**ASSIGNMENT:** Give the count of lines in the entries below that contain the string "Steam", and only that count.

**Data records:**
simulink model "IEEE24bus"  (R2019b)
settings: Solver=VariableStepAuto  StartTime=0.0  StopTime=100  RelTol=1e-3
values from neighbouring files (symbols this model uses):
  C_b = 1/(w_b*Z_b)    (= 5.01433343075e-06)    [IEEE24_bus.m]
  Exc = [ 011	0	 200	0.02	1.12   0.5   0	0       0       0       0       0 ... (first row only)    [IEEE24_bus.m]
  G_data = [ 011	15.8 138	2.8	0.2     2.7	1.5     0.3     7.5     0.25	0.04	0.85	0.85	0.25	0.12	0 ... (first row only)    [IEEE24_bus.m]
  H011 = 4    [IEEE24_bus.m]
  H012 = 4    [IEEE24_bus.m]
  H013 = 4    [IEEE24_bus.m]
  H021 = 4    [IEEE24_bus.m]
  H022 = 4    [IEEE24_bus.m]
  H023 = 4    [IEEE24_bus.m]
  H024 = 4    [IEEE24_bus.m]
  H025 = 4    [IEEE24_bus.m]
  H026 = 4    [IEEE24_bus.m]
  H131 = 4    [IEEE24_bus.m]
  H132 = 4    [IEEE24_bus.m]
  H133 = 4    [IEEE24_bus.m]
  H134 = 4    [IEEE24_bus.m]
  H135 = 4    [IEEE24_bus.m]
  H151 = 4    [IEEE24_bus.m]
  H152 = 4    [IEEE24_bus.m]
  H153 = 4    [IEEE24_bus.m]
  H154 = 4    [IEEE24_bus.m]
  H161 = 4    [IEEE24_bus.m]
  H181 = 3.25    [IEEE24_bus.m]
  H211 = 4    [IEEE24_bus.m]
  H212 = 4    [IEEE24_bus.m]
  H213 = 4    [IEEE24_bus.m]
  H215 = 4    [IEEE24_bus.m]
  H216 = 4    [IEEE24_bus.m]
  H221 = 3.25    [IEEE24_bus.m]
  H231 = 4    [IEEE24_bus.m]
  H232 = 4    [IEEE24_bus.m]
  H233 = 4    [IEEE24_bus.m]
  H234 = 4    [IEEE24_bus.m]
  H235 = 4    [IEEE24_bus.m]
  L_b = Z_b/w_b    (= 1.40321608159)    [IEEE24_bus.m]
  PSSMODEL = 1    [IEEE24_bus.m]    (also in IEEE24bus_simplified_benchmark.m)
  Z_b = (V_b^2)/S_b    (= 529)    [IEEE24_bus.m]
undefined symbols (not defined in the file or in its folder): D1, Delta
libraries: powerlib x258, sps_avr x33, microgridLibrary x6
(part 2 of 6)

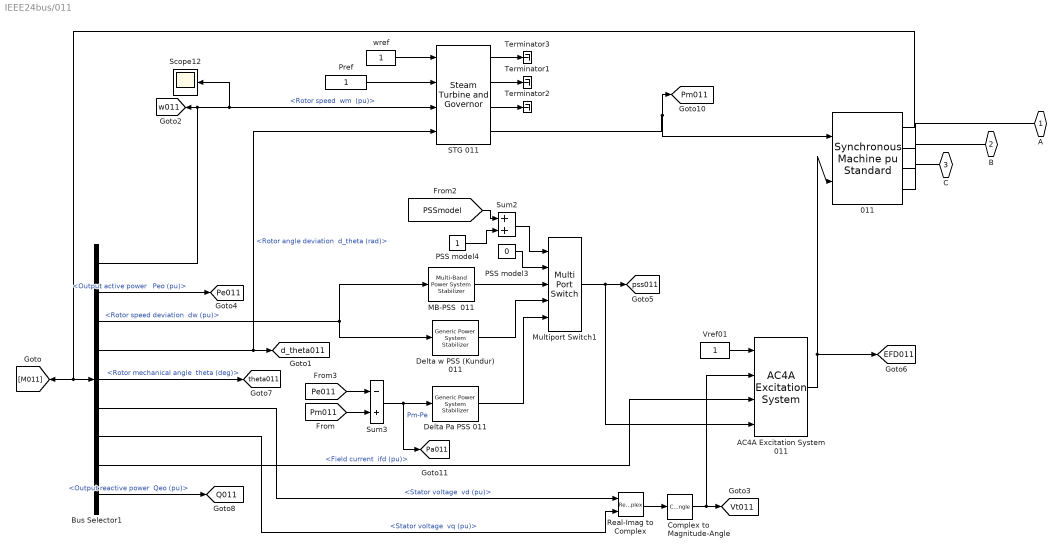
== system IEEE24bus/011 ==
  011 : powerlib/Machines/Synchronous Machine pu Standard  PresetModel=No  MechanicalLoad=Mechanical power Pm  ShowDetailedParameters=on  RotorType=Round  Units=per unit standard parameters  MeasurementBus=off  NominalParameters="[31.6*1E6  G_data(1,3)*1E3  60]"  Reactances1=[G_data(1,6),G_data(1,8),G_data(1,10),G_data(1,7),G_data(1,12),G_data(1,14),G_data(1,5)]  Reactances2=[G_data(6,6),G_data(6,8),G_data(6,10),G_data(6,7),G_data(6,12),G_data(6,14),G_data(6,5)]  dAxisTimeConstants=Open-circuit  qAxisTimeConstants=Open-circuit  TimeConstants1="[G_data(6,9)  G_data(6,11)  G_data(6,13)  G_data(6,15)]"  TimeConstants2="[G_data(1,9)  G_data(1,11)  G_data(1,13)  G_data(1,15)]"  TimeConstants3="[  5.9  0.033  0.023  ]"  TimeConstants4=[ 8.0, 0.03, 0.3371, 0.0295 ]  TimeConstants5=[ 1.01, 0.053, 0.1 ]  TimeConstants6=[ 1.3201, 0.023, 1.0, 0.07 ]  TimeConstants7="[  1.01  0.053  0.051266  ]"  TimeConstants8=[ 1.3201, 0.0231, 0.3371, 0.0295 ]  StatorResistance=0  Mechanical="[ H011 0  4 ]"  PolePairs=4  InitialConditions=[0 -49.0871 0.832503 0.832503 0.832503 -10.6328 -130.633 109.367 2.39024]  SetSaturation=off  Saturation=[0.6404,0.7127,0.8441,0.9214,0.9956,1.082,1.19,1.316,1.457;0.7,0.7698,0.8872,0.9466,0.9969,1.046,1.1,1.151,1.201]  LoadFlowParameters=[1 3330000000 20000 0 0]  TsPowergui=0  TsBlock=-1  IterativeModel=Forward Euler  IterativeDiscreteModel=Trapezoidal non iterative  BusType=PV  Pref=31.6*1e6  Qref=0  Qmin=-inf  Qmax=inf  PLF=0  QLF=0
      settings: SourceProductName=Simscape Power Systems
  AC4A Excitation System 011 : sps_avr/AC4A Excitation System  Tr=Exc(1,2)  KaTa="[Exc(1,3)   Exc(1,4)]"  VIminmax=[-10 10]  VRminmax=[-4.53 5.64]  TbTc="[Exc(1,5)  Exc(1,6)]"  Kc=0  v0=[1 2.3902]  TsBlock=0
      settings: SourceProductName=Simscape Power Systems  SourceProductBaseCode=PS
  Bus Selector1 : BusSelector  OutputSignals="Mechanical.Rotor speed  wm  (pu),Output active power   Peo (pu),Mechanical.Rotor speed deviation  dw (pu),Mechanical.Rotor angle deviation  d_theta (rad),Mechanical.Rotor mechanical angle  theta (deg),dq0 components.Stator voltage  vd (pu),dq0 components.Stator voltage  vq (pu),dq0 components.Field current  ifd (pu),Output reactive power  Qeo (pu)"
  Complex to Magnitude-Angle : ComplexToMagnitudeAngle  Output=Magnitude
  "Delta Pa PSS 011 " : powerlib/Machines/Generic Power System Stabilizer  Tsensor=15e-3  K=2.5*1.25  Twashout=1  Tleadlag1=[60e-3 1]  Tleadlag2=[0 0]  VSlimits=[-0.15 0.15]  Vinit=0  Plot_On=off  MagdB_On=on  FreqRange=logspace(-2,2,500)
      settings: SourceProductName=Simscape Power Systems  SourceProductBaseCode=PS
  "Delta w PSS (Kundur) 011 " : powerlib/Machines/Generic Power System Stabilizer  Tsensor=15e-3  K=30  Twashout=10  Tleadlag1=[50e-3 20e-3]  Tleadlag2=[3 5.4]  VSlimits=[-0.15 0.15]  Vinit=0  Plot_On=off  MagdB_On=on  FreqRange=logspace(-2,2,500)
      settings: SourceProductName=Simscape Power Systems  SourceProductBaseCode=PS
  MB-PSS  011 : powerlib/Machines/Multi-Band Power System Stabilizer  OperationMode=Simplified settings  Kg=1  GL=[0.1 10]  GI="[1  10]"  GH="[13  120]"  GLd=[66 66 9.4]  TcLF=[1.667 2 0 0 0 0 2 2.4 0 0 0 0 1 1]  GId=[66 66 47.6]  TcIF=[1 1 0.25 0.3 0 0 1 1 0.3 0.36 0 0 0 0]  GHd=[66 66 233]  TcHF="[0.01 0.012 0 0 0 0  0.012 0.0144 0 0 0 0 1 1]"  LIM=[.075 .15 .15 .15]  Plot_On=off  MagdB_On=off  FreqRange=logspace(-2,2,500)
      settings: SourceProductName=Simscape Power Systems  SourceProductBaseCode=PS
  Multiport Switch1 : MultiPortSwitch  Inputs=4  InputSameDT=on
  PSS model3 : Constant  Value=0
  PSS model4 : Constant
  Pref : Constant
  Real-Imag to Complex : RealImagToComplex
  STG 011 : powerlib/Machines/Steam Turbine and Governor  gentype=Tandem-compound (single mass)  reg1="[ 1  0.05    0 ]"  reg2="[ 0.001  0.15 ]"  reg3="[ -0.1  0.1  0  4.496 ]"  N=3600  turb1="[ 0  10   3.3   0.5   ]"  turb2="[   0   0.36    0.36   0.28   ]"  HA="[ 0.046  1.430  1.465   0.192 ]"  KA="[ 90.44  53.88  64.59   62.94  ]"  DA="[ 0.0115  0.3575  0.3663   0.0137  ]"  ini1=1  ini2=[0.779316,-31.4247]
      settings: SourceProductName=Simscape Power Systems  SourceProductBaseCode=PS
  Scope12 : Scope
  Sum2 : Sum  SaturateOnIntegerOverflow=on  InputSameDT=on  OutDataTypeStr=Inherit: Same as first input
  Sum3 : Sum  Inputs=-+  SaturateOnIntegerOverflow=on  InputSameDT=on  OutDataTypeStr=Inherit: Same as first input
  Terminator1 : Terminator
  Terminator2 : Terminator
  Terminator3 : Terminator
  Vref01 : Constant
  wref : Constant
  A : PMIOPort  Side=Left
  B : PMIOPort  Port=2  Side=Left
  C : PMIOPort  Port=3  Side=Left
  tag scope: EFD011=global, Pa011=global, Pe011=global, Pm011=global, Q011=global, Vt011=global, d_theta011=global, pss011=global, theta011=global, w011=global
  wires:
  Bus Selector1/7 -> Real-Imag to Complex/2  "<Stator voltage  vq (pu)>"
  Bus Selector1/6 -> Real-Imag to Complex/1  "<Stator voltage  vd (pu)>"
  wref/1 -> STG 011/1
  Vref01/1 -> AC4A Excitation System 011/1
  Bus Selector1/4 -> [d_theta011], STG 011/4  "<Rotor angle deviation  d_theta (rad)>"
  011/1 -> Bus Selector1/1, [M011]
  Bus Selector1/1 -> [w011], Scope12/1, STG 011/3  "<Rotor speed  wm  (pu)>"
  Bus Selector1/3 -> "Delta w PSS (Kundur) 011 "/1, MB-PSS  011/1  "<Rotor speed deviation  dw (pu)>"
  Real-Imag to Complex/1 -> Complex to Magnitude-Angle/1
  Complex to Magnitude-Angle/1 -> AC4A Excitation System 011/2, [Vt011]
  AC4A Excitation System 011/1 -> 011/2, [EFD011]
  Multiport Switch1/1 -> AC4A Excitation System 011/4, [pss011]
  Bus Selector1/5 -> [theta011]  "<Rotor mechanical angle  theta (deg)>"
  Bus Selector1/2 -> [Pe011]  "<Output active power   Peo (pu)>"
  Bus Selector1/8 -> AC4A Excitation System 011/3  "<Field current  ifd (pu)>"
  STG 011/4 -> [Pm011], 011/1
  Pref/1 -> STG 011/2
  Bus Selector1/9 -> [Q011]  "<Output reactive power  Qeo (pu)>"
  PSS model4/1 -> Sum2/2
  Sum2/1 -> Multiport Switch1/1
  [PSSmodel] -> Sum2/1
  PSS model3/1 -> Multiport Switch1/2
  Sum3/1 -> [Pa011], "Delta Pa PSS 011 "/1  "Pm-Pe"
  "Delta Pa PSS 011 "/1 -> Multiport Switch1/5
  "Delta w PSS (Kundur) 011 "/1 -> Multiport Switch1/4
  [Pm011] -> Sum3/2
  [Pe011] -> Sum3/1
  MB-PSS  011/1 -> Multiport Switch1/3
  STG 011/1 -> Terminator3/1
  STG 011/2 -> Terminator1/1
  STG 011/3 -> Terminator2/1
  connections:
  011/RConn1 -- A/RConn1
  011/RConn2 -- B/RConn1
  011/RConn3 -- C/RConn1

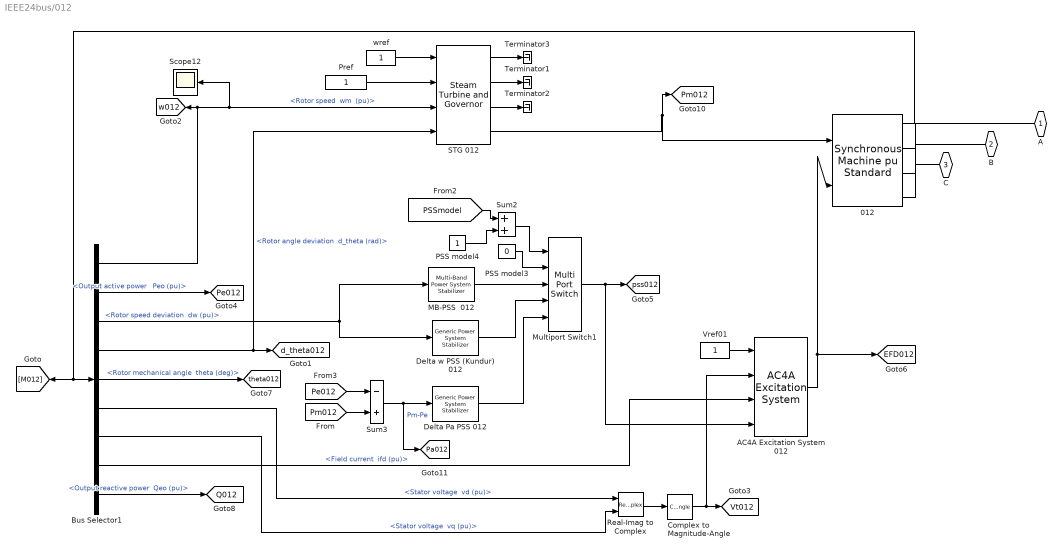
== system IEEE24bus/012 ==
  012 : powerlib/Machines/Synchronous Machine pu Standard  PresetModel=No  MechanicalLoad=Mechanical power Pm  ShowDetailedParameters=on  RotorType=Round  Units=per unit standard parameters  MeasurementBus=off  NominalParameters="[76*1E6  G_data(2,3)*1E3  60]"  Reactances1=[G_data(2,6),G_data(2,8),G_data(2,10),G_data(2,7),G_data(2,12),G_data(2,14),G_data(2,5)]  Reactances2=[G_data(6,6),G_data(6,8),G_data(6,10),G_data(6,7),G_data(6,12),G_data(6,14),G_data(6,5)]  dAxisTimeConstants=Open-circuit  qAxisTimeConstants=Open-circuit  TimeConstants1="[G_data(6,9)  G_data(6,11)  G_data(6,13)  G_data(6,15)]"  TimeConstants2="[G_data(2,9)  G_data(2,11)  G_data(2,13)  G_data(2,15)]"  TimeConstants3="[  5.9  0.033  0.023  ]"  TimeConstants4=[ 8.0, 0.03, 0.3371, 0.0295 ]  TimeConstants5=[ 1.01, 0.053, 0.1 ]  TimeConstants6=[ 1.3201, 0.023, 1.0, 0.07 ]  TimeConstants7="[  1.01  0.053  0.051266  ]"  TimeConstants8=[ 1.3201, 0.0231, 0.3371, 0.0295 ]  StatorResistance=0  Mechanical="[ H012 0  4 ]"  PolePairs=4  InitialConditions=[0 -49.0871 0.832503 0.832503 0.832503 -10.6328 -130.633 109.367 2.39024]  SetSaturation=off  Saturation=[0.6404,0.7127,0.8441,0.9214,0.9956,1.082,1.19,1.316,1.457;0.7,0.7698,0.8872,0.9466,0.9969,1.046,1.1,1.151,1.201]  LoadFlowParameters=[1 3330000000 20000 0 0]  TsPowergui=0  TsBlock=-1  IterativeModel=Forward Euler  IterativeDiscreteModel=Trapezoidal non iterative  BusType=PV  Pref=G_data(2,2)*1e6  Qref=0  Qmin=-inf  Qmax=inf  PLF=0  QLF=0
      settings: SourceProductName=Simscape Power Systems
  AC4A Excitation System 012 : sps_avr/AC4A Excitation System  Tr=Exc(2,2)  KaTa="[Exc(2,3)   Exc(2,4)]"  VIminmax=[-10 10]  VRminmax=[-4.53 5.64]  TbTc="[Exc(2,5)  Exc(2,6)]"  Kc=0  v0=[1 2.3902]  TsBlock=0
      settings: SourceProductName=Simscape Power Systems  SourceProductBaseCode=PS
  Bus Selector1 : BusSelector  OutputSignals="Mechanical.Rotor speed  wm  (pu),Output active power   Peo (pu),Mechanical.Rotor speed deviation  dw (pu),Mechanical.Rotor angle deviation  d_theta (rad),Mechanical.Rotor mechanical angle  theta (deg),dq0 components.Stator voltage  vd (pu),dq0 components.Stator voltage  vq (pu),dq0 components.Field current  ifd (pu),Output reactive power  Qeo (pu)"
  Complex to Magnitude-Angle : ComplexToMagnitudeAngle  Output=Magnitude
  "Delta Pa PSS 012 " : powerlib/Machines/Generic Power System Stabilizer  Tsensor=15e-3  K=2.5*1.25  Twashout=1  Tleadlag1=[60e-3 1]  Tleadlag2=[0 0]  VSlimits=[-0.15 0.15]  Vinit=0  Plot_On=off  MagdB_On=on  FreqRange=logspace(-2,2,500)
      settings: SourceProductName=Simscape Power Systems  SourceProductBaseCode=PS
  "Delta w PSS (Kundur) 012 " : powerlib/Machines/Generic Power System Stabilizer  Tsensor=15e-3  K=30  Twashout=10  Tleadlag1=[50e-3 20e-3]  Tleadlag2=[3 5.4]  VSlimits=[-0.15 0.15]  Vinit=0  Plot_On=off  MagdB_On=on  FreqRange=logspace(-2,2,500)
      settings: SourceProductName=Simscape Power Systems  SourceProductBaseCode=PS
  MB-PSS  012 : powerlib/Machines/Multi-Band Power System Stabilizer  OperationMode=Simplified settings  Kg=1  GL=[0.1 10]  GI="[1  10]"  GH="[13  120]"  GLd=[66 66 9.4]  TcLF=[1.667 2 0 0 0 0 2 2.4 0 0 0 0 1 1]  GId=[66 66 47.6]  TcIF=[1 1 0.25 0.3 0 0 1 1 0.3 0.36 0 0 0 0]  GHd=[66 66 233]  TcHF="[0.01 0.012 0 0 0 0  0.012 0.0144 0 0 0 0 1 1]"  LIM=[.075 .15 .15 .15]  Plot_On=off  MagdB_On=off  FreqRange=logspace(-2,2,500)
      settings: SourceProductName=Simscape Power Systems  SourceProductBaseCode=PS
  Multiport Switch1 : MultiPortSwitch  Inputs=4  InputSameDT=on
  PSS model3 : Constant  Value=0
  PSS model4 : Constant
  Pref : Constant
  Real-Imag to Complex : RealImagToComplex
  STG 012 : powerlib/Machines/Steam Turbine and Governor  gentype=Tandem-compound (single mass)  reg1="[ 1  0.05    0 ]"  reg2="[ 0.001  0.15 ]"  reg3="[ -0.1  0.1  0  4.496 ]"  N=3600  turb1="[ 0  10   3.3   0.5   ]"  turb2="[   0   0.36    0.36   0.28   ]"  HA="[ 0.046  1.430  1.465   0.192 ]"  KA="[ 90.44  53.88  64.59   62.94  ]"  DA="[ 0.0115  0.3575  0.3663   0.0137  ]"  ini1=0.2079  ini2=[0.779316,-31.4247]
      settings: SourceProductName=Simscape Power Systems  SourceProductBaseCode=PS
  Scope12 : Scope
  Sum2 : Sum  SaturateOnIntegerOverflow=on  InputSameDT=on  OutDataTypeStr=Inherit: Same as first input
  Sum3 : Sum  Inputs=-+  SaturateOnIntegerOverflow=on  InputSameDT=on  OutDataTypeStr=Inherit: Same as first input
  Terminator1 : Terminator
  Terminator2 : Terminator
  Terminator3 : Terminator
  Vref01 : Constant
  wref : Constant
  A : PMIOPort  Side=Left
  B : PMIOPort  Port=2  Side=Left
  C : PMIOPort  Port=3  Side=Left
  tag scope: EFD012=global, Pa012=global, Pe012=global, Pm012=global, Q012=global, Vt012=global, d_theta012=global, pss012=global, theta012=global, w012=global
  wires:
  Bus Selector1/7 -> Real-Imag to Complex/2  "<Stator voltage  vq (pu)>"
  Bus Selector1/6 -> Real-Imag to Complex/1  "<Stator voltage  vd (pu)>"
  wref/1 -> STG 012/1
  Vref01/1 -> AC4A Excitation System 012/1
  Bus Selector1/4 -> [d_theta012], STG 012/4  "<Rotor angle deviation  d_theta (rad)>"
  012/1 -> Bus Selector1/1, [M012]
  Bus Selector1/1 -> [w012], Scope12/1, STG 012/3  "<Rotor speed  wm  (pu)>"
  Bus Selector1/3 -> "Delta w PSS (Kundur) 012 "/1, MB-PSS  012/1  "<Rotor speed deviation  dw (pu)>"
  Real-Imag to Complex/1 -> Complex to Magnitude-Angle/1
  Complex to Magnitude-Angle/1 -> AC4A Excitation System 012/2, [Vt012]
  AC4A Excitation System 012/1 -> 012/2, [EFD012]
  Multiport Switch1/1 -> AC4A Excitation System 012/4, [pss012]
  Bus Selector1/5 -> [theta012]  "<Rotor mechanical angle  theta (deg)>"
  Bus Selector1/2 -> [Pe012]  "<Output active power   Peo (pu)>"
  Bus Selector1/8 -> AC4A Excitation System 012/3  "<Field current  ifd (pu)>"
  STG 012/4 -> [Pm012], 012/1
  Pref/1 -> STG 012/2
  Bus Selector1/9 -> [Q012]  "<Output reactive power  Qeo (pu)>"
  PSS model4/1 -> Sum2/2
  Sum2/1 -> Multiport Switch1/1
  [PSSmodel] -> Sum2/1
  PSS model3/1 -> Multiport Switch1/2
  Sum3/1 -> [Pa012], "Delta Pa PSS 012 "/1  "Pm-Pe"
  "Delta Pa PSS 012 "/1 -> Multiport Switch1/5
  "Delta w PSS (Kundur) 012 "/1 -> Multiport Switch1/4
  [Pm012] -> Sum3/2
  [Pe012] -> Sum3/1
  MB-PSS  012/1 -> Multiport Switch1/3
  STG 012/1 -> Terminator3/1
  STG 012/2 -> Terminator1/1
  STG 012/3 -> Terminator2/1
  connections:
  012/RConn1 -- A/RConn1
  012/RConn2 -- B/RConn1
  012/RConn3 -- C/RConn1

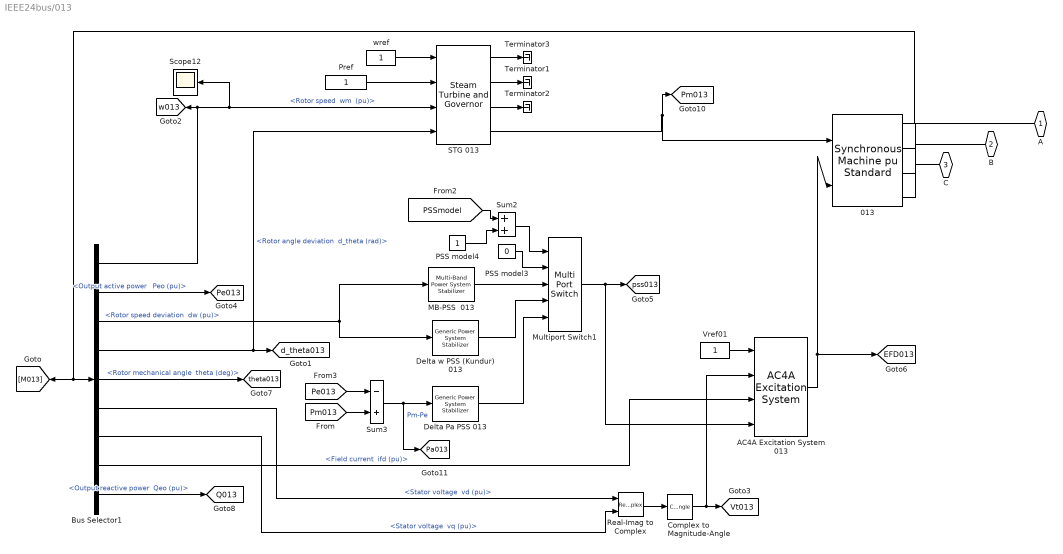
== system IEEE24bus/013 ==
  013 : powerlib/Machines/Synchronous Machine pu Standard  PresetModel=No  MechanicalLoad=Mechanical power Pm  ShowDetailedParameters=on  RotorType=Round  Units=per unit standard parameters  MeasurementBus=off  NominalParameters="[G_data(3,2)*1E6  G_data(3,3)*1E3  60]"  Reactances1=[G_data(3,6),G_data(3,8),G_data(3,10),G_data(3,7),G_data(3,12),G_data(3,14),G_data(3,5)]  Reactances2=[G_data(6,6),G_data(6,8),G_data(6,10),G_data(6,7),G_data(6,12),G_data(6,14),G_data(6,5)]  dAxisTimeConstants=Open-circuit  qAxisTimeConstants=Open-circuit  TimeConstants1="[G_data(6,9)  G_data(6,11)  G_data(6,13)  G_data(6,15)]"  TimeConstants2="[G_data(3,9)  G_data(3,11)  G_data(3,13)  G_data(3,15)]"  TimeConstants3="[  5.9  0.033  0.023  ]"  TimeConstants4=[ 8.0, 0.03, 0.3371, 0.0295 ]  TimeConstants5=[ 1.01, 0.053, 0.1 ]  TimeConstants6=[ 1.3201, 0.023, 1.0, 0.07 ]  TimeConstants7="[  1.01  0.053  0.051266  ]"  TimeConstants8=[ 1.3201, 0.0231, 0.3371, 0.0295 ]  StatorResistance=0  Mechanical="[ H013 0  4 ]"  PolePairs=4  InitialConditions=[0 -49.0871 0.832503 0.832503 0.832503 -10.6328 -130.633 109.367 2.39024]  SetSaturation=off  Saturation=[0.6404,0.7127,0.8441,0.9214,0.9956,1.082,1.19,1.316,1.457;0.7,0.7698,0.8872,0.9466,0.9969,1.046,1.1,1.151,1.201]  LoadFlowParameters=[1 3330000000 20000 0 0]  TsPowergui=0  TsBlock=-1  IterativeModel=Forward Euler  IterativeDiscreteModel=Trapezoidal non iterative  BusType=PV  Pref=G_data(3,2)*1e6  Qref=0  Qmin=-inf  Qmax=inf  PLF=0  QLF=0
      settings: SourceProductName=Simscape Power Systems
  AC4A Excitation System 013 : sps_avr/AC4A Excitation System  Tr=Exc(3,2)  KaTa="[Exc(3,3)   Exc(3,4)]"  VIminmax=[-10 10]  VRminmax=[-4.53 5.64]  TbTc="[Exc(3,5)  Exc(3,6)]"  Kc=0  v0=[1 2.3902]  TsBlock=0
      settings: SourceProductName=Simscape Power Systems  SourceProductBaseCode=PS
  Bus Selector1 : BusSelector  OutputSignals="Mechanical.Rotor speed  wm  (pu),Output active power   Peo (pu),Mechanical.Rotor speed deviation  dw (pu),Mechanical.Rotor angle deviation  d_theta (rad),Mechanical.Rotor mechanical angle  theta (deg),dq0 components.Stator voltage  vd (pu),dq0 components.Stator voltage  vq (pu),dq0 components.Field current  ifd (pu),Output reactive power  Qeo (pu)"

**SOLUTION TO THIS PROBLEM:** 2